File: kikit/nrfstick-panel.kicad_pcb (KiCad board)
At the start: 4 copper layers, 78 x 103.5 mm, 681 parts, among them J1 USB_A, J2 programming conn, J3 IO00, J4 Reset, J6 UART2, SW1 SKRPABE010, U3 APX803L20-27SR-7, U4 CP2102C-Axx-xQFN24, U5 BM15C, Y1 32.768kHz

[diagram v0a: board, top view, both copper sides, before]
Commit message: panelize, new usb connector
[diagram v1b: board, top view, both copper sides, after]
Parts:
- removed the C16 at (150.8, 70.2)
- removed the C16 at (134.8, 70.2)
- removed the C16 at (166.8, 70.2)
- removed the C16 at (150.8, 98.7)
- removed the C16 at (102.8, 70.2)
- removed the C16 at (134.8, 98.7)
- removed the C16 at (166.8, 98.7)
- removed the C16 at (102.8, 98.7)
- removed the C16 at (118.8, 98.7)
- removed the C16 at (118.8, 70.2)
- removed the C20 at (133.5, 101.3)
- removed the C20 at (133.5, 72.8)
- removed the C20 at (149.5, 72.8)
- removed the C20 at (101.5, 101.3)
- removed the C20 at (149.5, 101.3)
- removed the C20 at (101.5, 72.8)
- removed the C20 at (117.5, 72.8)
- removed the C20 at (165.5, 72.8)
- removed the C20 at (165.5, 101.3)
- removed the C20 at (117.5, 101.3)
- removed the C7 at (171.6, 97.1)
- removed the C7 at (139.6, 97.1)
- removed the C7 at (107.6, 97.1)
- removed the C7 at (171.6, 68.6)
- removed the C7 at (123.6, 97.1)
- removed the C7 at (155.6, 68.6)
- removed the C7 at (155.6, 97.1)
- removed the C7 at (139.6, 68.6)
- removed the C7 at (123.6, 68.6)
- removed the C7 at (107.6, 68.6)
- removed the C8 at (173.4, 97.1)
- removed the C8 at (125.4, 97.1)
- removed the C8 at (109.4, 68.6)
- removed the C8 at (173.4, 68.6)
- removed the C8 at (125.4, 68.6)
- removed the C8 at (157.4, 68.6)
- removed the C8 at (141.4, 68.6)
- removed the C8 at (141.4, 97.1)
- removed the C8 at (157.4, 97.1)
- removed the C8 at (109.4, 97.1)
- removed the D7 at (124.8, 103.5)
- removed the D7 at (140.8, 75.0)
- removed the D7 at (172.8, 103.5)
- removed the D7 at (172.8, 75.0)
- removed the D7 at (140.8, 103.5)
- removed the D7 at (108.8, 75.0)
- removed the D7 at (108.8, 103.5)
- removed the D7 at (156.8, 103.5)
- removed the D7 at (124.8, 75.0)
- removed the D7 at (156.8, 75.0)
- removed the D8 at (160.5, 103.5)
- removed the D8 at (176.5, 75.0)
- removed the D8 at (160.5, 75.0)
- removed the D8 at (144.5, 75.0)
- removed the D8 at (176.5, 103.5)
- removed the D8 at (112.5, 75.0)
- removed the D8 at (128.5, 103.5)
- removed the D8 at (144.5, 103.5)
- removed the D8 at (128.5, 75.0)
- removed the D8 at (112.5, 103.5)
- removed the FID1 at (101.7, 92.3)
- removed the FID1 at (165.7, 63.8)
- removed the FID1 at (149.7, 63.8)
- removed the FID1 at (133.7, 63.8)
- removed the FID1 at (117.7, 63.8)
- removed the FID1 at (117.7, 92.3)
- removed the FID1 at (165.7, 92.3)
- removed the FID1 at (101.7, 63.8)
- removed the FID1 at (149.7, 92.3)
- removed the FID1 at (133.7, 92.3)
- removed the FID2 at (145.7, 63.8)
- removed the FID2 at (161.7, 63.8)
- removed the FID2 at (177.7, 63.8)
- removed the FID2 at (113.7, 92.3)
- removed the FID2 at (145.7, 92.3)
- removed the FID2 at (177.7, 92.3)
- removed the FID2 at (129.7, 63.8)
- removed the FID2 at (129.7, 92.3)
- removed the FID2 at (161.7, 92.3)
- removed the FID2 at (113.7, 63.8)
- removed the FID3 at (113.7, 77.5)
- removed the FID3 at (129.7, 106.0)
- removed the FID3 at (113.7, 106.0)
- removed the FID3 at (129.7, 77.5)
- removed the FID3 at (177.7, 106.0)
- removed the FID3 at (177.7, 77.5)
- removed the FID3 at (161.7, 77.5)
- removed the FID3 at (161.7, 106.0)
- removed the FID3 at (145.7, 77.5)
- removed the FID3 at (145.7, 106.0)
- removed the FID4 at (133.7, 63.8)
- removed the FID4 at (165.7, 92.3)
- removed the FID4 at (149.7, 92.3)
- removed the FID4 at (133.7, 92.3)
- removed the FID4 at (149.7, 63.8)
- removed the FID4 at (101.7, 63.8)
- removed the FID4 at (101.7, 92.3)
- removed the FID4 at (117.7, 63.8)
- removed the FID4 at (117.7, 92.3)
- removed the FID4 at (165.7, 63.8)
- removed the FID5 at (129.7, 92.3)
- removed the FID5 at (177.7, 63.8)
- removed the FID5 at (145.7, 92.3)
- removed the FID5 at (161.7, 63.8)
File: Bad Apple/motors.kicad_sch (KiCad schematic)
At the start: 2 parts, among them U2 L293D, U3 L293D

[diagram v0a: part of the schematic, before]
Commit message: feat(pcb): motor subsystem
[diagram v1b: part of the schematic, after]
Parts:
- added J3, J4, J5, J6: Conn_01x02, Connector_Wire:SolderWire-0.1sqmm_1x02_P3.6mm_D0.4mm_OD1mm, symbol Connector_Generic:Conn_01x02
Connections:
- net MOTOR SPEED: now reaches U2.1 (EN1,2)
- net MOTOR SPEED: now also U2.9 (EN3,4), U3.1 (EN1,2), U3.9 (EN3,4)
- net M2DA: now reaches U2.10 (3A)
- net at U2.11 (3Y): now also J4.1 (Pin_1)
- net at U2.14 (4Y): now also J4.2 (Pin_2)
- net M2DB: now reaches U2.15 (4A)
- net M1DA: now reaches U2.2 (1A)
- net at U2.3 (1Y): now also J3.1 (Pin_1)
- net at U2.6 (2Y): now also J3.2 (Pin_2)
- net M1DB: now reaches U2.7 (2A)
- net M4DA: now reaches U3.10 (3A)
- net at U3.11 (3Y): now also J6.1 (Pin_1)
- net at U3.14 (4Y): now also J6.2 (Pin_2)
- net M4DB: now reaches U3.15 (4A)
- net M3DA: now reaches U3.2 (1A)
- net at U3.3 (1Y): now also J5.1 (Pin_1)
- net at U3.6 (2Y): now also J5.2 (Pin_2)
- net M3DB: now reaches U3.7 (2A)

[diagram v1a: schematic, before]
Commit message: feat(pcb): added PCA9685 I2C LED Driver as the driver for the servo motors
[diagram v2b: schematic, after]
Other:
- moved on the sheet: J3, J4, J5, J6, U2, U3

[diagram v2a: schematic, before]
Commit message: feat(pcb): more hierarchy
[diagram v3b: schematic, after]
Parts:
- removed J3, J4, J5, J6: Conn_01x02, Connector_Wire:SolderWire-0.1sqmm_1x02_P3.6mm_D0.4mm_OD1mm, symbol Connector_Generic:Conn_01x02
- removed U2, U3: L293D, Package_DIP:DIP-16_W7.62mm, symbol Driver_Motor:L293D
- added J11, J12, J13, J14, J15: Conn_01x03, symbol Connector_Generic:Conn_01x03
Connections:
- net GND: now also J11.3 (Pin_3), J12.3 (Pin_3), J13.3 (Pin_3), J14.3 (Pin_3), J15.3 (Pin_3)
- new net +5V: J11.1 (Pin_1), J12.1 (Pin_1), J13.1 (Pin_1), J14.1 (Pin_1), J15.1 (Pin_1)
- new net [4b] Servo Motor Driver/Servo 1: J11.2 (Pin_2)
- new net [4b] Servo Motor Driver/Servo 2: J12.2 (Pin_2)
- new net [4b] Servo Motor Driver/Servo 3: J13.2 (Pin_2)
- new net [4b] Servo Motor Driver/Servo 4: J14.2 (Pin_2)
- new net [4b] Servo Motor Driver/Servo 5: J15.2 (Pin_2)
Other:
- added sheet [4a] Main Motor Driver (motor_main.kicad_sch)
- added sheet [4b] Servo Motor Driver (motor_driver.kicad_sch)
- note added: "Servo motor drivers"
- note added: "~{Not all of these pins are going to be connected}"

────────────────────────────────────────

→ Your instructions
Above this instruction are the records; retype exactly the lines from the one containing "- removed the FID3 at (145.7, 106.0)" up to and including the one containing "- net M3DA: now reaches U3.2 (1A)".

→ Answer space
- removed the FID3 at (145.7, 106.0)
- removed the FID4 at (133.7, 63.8)
- removed the FID4 at (165.7, 92.3)
- removed the FID4 at (149.7, 92.3)
- removed the FID4 at (133.7, 92.3)
- removed the FID4 at (149.7, 63.8)
- removed the FID4 at (101.7, 63.8)
- removed the FID4 at (101.7, 92.3)
- removed the FID4 at (117.7, 63.8)
- removed the FID4 at (117.7, 92.3)
- removed the FID4 at (165.7, 63.8)
- removed the FID5 at (129.7, 92.3)
- removed the FID5 at (177.7, 63.8)
- removed the FID5 at (145.7, 92.3)
- removed the FID5 at (161.7, 63.8)
File: Bad Apple/motors.kicad_sch (KiCad schematic)
At the start: 2 parts, among them U2 L293D, U3 L293D

[diagram v0a: part of the schematic, before]
Commit message: feat(pcb): motor subsystem
[diagram v1b: part of the schematic, after]
Parts:
- added J3, J4, J5, J6: Conn_01x02, Connector_Wire:SolderWire-0.1sqmm_1x02_P3.6mm_D0.4mm_OD1mm, symbol Connector_Generic:Conn_01x02
Connections:
- net MOTOR SPEED: now reaches U2.1 (EN1,2)
- net MOTOR SPEED: now also U2.9 (EN3,4), U3.1 (EN1,2), U3.9 (EN3,4)
- net M2DA: now reaches U2.10 (3A)
- net at U2.11 (3Y): now also J4.1 (Pin_1)
- net at U2.14 (4Y): now also J4.2 (Pin_2)
- net M2DB: now reaches U2.15 (4A)
- net M1DA: now reaches U2.2 (1A)
- net at U2.3 (1Y): now also J3.1 (Pin_1)
- net at U2.6 (2Y): now also J3.2 (Pin_2)
- net M1DB: now reaches U2.7 (2A)
- net M4DA: now reaches U3.10 (3A)
- net at U3.11 (3Y): now also J6.1 (Pin_1)
- net at U3.14 (4Y): now also J6.2 (Pin_2)
- net M4DB: now reaches U3.15 (4A)
- net M3DA: now reaches U3.2 (1A)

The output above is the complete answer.